**What the task requires**
Read the records and gather each line that includes "target".

=== Records to use ===

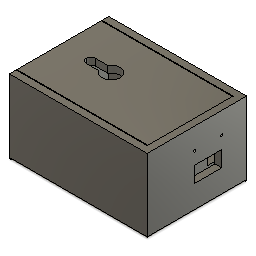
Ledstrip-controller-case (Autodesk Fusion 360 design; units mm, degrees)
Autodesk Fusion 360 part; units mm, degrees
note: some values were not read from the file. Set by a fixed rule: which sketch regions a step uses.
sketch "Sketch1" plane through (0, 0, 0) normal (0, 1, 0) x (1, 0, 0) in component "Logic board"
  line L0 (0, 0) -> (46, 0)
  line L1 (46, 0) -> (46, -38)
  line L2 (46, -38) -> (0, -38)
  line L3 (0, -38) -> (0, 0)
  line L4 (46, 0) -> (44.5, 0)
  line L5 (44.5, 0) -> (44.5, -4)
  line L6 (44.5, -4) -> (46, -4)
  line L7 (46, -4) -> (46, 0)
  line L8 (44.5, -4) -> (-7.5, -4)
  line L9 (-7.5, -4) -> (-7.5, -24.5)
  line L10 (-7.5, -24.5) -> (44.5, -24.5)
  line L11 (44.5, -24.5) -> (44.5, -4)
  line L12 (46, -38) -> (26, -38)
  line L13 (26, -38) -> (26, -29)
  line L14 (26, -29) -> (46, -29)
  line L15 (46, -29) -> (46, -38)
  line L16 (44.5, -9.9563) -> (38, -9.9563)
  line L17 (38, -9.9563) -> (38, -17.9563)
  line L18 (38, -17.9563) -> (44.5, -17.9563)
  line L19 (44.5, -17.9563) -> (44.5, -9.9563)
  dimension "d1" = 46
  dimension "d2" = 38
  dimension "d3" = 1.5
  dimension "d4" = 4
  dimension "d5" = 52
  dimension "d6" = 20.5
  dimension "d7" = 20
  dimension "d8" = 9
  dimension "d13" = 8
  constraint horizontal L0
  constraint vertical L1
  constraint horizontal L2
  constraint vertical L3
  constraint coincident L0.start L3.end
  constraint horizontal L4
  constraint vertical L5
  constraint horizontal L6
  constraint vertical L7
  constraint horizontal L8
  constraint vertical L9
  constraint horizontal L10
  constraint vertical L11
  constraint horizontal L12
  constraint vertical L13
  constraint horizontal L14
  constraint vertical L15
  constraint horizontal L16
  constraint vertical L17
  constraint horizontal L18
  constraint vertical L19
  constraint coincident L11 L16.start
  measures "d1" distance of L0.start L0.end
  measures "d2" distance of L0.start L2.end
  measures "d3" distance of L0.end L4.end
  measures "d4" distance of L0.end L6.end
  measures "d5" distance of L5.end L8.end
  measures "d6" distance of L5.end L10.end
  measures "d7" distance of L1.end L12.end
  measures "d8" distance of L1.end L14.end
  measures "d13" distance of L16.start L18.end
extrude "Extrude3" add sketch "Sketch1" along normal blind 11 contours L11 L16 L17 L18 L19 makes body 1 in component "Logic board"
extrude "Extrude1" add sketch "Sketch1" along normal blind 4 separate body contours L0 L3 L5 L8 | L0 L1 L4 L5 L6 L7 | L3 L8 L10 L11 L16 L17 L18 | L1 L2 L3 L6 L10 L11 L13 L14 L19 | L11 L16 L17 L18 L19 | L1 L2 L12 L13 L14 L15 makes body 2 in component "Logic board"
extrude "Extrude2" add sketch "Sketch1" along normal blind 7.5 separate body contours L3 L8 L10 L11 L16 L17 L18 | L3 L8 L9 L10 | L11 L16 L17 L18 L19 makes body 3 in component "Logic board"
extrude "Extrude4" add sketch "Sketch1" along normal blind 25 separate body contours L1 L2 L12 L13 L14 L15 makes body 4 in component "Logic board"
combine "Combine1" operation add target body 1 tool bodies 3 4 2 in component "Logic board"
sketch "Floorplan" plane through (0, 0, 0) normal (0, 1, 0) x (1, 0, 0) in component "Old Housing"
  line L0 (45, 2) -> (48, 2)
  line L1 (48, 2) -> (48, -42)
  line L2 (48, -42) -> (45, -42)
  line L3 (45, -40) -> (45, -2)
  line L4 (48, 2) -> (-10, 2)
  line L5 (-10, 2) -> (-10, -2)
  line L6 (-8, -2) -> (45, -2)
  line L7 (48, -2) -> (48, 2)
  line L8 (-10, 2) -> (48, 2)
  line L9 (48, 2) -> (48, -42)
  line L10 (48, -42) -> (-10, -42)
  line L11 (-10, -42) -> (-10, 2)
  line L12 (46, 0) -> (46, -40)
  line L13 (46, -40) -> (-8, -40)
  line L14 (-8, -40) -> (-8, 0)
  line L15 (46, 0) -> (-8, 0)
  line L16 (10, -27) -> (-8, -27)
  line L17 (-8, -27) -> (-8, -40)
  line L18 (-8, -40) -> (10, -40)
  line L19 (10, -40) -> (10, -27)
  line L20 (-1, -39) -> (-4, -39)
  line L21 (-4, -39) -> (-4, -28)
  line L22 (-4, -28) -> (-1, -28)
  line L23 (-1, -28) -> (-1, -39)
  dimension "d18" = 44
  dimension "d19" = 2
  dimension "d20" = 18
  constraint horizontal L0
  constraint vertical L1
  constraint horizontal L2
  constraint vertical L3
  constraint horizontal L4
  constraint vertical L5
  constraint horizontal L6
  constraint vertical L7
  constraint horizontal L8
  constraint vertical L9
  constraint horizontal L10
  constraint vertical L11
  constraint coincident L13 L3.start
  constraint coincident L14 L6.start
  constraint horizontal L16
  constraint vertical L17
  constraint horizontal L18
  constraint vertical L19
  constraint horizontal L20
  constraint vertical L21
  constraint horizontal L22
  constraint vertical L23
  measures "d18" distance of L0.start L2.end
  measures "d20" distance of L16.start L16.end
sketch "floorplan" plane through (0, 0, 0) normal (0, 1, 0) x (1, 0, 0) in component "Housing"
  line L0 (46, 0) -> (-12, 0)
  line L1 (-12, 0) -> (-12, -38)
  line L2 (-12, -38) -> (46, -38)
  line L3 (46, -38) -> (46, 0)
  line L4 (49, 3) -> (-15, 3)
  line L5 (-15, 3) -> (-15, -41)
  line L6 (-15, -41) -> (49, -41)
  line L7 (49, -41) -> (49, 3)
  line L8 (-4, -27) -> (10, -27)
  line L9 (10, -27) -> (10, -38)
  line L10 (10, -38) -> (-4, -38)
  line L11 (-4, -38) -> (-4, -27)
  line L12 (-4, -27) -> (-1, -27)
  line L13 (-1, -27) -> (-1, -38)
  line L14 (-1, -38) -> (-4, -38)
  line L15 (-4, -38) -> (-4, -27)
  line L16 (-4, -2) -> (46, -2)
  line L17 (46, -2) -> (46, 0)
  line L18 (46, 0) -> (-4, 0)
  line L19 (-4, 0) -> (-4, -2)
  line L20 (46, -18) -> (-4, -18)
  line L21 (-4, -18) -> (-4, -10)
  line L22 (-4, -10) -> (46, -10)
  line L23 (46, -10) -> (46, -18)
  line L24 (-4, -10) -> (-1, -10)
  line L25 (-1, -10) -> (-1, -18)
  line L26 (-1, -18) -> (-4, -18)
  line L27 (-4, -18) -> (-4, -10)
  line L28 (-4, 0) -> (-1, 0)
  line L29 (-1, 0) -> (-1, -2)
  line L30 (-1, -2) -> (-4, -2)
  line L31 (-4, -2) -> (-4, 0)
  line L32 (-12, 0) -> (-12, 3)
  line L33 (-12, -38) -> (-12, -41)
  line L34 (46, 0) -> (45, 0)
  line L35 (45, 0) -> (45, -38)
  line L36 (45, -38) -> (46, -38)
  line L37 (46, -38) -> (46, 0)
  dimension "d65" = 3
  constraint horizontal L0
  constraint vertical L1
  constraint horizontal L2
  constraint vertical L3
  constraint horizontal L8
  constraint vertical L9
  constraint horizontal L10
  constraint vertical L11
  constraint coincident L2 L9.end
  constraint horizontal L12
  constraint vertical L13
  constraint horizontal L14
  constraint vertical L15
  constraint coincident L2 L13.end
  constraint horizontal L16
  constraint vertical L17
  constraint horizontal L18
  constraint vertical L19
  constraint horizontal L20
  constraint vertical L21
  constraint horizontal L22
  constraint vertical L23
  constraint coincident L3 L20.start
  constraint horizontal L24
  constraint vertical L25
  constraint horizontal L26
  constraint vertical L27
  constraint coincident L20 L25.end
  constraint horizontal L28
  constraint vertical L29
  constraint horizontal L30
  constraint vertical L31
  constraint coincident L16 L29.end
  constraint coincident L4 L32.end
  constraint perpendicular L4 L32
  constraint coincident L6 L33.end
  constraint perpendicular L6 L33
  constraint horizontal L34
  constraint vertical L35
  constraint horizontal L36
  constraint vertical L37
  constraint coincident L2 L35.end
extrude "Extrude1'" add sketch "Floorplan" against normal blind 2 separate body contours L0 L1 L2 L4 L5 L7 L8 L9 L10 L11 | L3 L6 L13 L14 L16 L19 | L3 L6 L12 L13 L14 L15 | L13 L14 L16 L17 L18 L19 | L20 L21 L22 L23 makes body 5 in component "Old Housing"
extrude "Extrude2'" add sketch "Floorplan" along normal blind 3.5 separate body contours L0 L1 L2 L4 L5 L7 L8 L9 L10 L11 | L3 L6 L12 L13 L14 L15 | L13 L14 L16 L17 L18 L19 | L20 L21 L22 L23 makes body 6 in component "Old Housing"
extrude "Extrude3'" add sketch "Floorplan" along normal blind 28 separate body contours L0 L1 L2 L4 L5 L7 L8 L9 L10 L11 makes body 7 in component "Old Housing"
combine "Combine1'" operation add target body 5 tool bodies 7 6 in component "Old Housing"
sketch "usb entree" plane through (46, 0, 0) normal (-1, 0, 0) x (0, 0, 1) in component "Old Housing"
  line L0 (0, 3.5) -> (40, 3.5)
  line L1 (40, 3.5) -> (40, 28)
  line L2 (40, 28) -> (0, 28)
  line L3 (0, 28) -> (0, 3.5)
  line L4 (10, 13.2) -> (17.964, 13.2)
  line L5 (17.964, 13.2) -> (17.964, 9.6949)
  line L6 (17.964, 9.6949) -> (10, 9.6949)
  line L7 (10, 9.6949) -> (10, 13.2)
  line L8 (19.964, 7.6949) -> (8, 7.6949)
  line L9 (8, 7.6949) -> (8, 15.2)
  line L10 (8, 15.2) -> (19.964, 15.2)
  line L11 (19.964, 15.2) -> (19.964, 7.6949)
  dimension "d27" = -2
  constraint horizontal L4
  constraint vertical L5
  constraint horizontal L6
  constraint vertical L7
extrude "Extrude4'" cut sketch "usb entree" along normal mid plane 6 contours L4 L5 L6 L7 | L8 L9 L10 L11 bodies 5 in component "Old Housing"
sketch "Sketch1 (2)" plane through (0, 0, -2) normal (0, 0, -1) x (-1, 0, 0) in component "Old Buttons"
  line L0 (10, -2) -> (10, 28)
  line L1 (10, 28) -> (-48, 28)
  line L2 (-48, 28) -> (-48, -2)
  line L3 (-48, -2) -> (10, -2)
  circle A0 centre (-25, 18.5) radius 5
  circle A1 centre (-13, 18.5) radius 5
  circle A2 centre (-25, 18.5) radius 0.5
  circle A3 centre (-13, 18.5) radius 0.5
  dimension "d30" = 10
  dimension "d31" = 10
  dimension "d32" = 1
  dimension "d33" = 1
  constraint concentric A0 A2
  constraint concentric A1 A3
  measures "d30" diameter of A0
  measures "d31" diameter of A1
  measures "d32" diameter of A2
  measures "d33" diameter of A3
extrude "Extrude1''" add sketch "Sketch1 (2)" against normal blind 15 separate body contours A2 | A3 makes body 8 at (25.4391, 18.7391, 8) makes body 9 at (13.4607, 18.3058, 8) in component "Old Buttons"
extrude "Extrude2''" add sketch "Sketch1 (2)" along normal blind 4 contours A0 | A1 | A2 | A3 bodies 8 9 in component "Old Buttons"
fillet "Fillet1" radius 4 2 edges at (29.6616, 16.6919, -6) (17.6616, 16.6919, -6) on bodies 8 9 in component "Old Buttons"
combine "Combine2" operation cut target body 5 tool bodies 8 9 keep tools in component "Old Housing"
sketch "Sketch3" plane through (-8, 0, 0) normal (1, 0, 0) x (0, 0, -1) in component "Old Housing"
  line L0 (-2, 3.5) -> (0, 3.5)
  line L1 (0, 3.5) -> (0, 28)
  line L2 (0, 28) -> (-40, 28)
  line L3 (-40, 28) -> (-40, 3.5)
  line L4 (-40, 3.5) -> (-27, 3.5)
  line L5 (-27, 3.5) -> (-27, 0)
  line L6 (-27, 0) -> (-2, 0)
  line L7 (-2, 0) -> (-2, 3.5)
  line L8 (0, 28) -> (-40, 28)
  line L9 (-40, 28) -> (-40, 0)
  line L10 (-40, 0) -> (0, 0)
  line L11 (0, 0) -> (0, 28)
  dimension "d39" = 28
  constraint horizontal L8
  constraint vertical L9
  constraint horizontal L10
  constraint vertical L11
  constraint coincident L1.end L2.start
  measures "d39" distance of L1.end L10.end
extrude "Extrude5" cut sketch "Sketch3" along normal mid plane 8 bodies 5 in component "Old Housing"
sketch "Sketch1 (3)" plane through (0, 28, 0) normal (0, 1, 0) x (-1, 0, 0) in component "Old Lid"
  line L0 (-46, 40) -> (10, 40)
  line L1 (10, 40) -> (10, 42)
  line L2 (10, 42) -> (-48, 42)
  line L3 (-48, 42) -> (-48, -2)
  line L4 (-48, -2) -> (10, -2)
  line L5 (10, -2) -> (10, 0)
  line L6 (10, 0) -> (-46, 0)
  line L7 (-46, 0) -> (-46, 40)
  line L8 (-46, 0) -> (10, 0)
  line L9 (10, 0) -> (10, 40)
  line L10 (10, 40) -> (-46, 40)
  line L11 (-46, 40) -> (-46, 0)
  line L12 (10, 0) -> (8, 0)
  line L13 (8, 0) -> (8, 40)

===

**Result of the task**
combine "Combine1" operation add target body 1 tool bodies 3 4 2 in component "Logic board"
combine "Combine1'" operation add target body 5 tool bodies 7 6 in component "Old Housing"
combine "Combine2" operation cut target body 5 tool bodies 8 9 keep tools in component "Old Housing"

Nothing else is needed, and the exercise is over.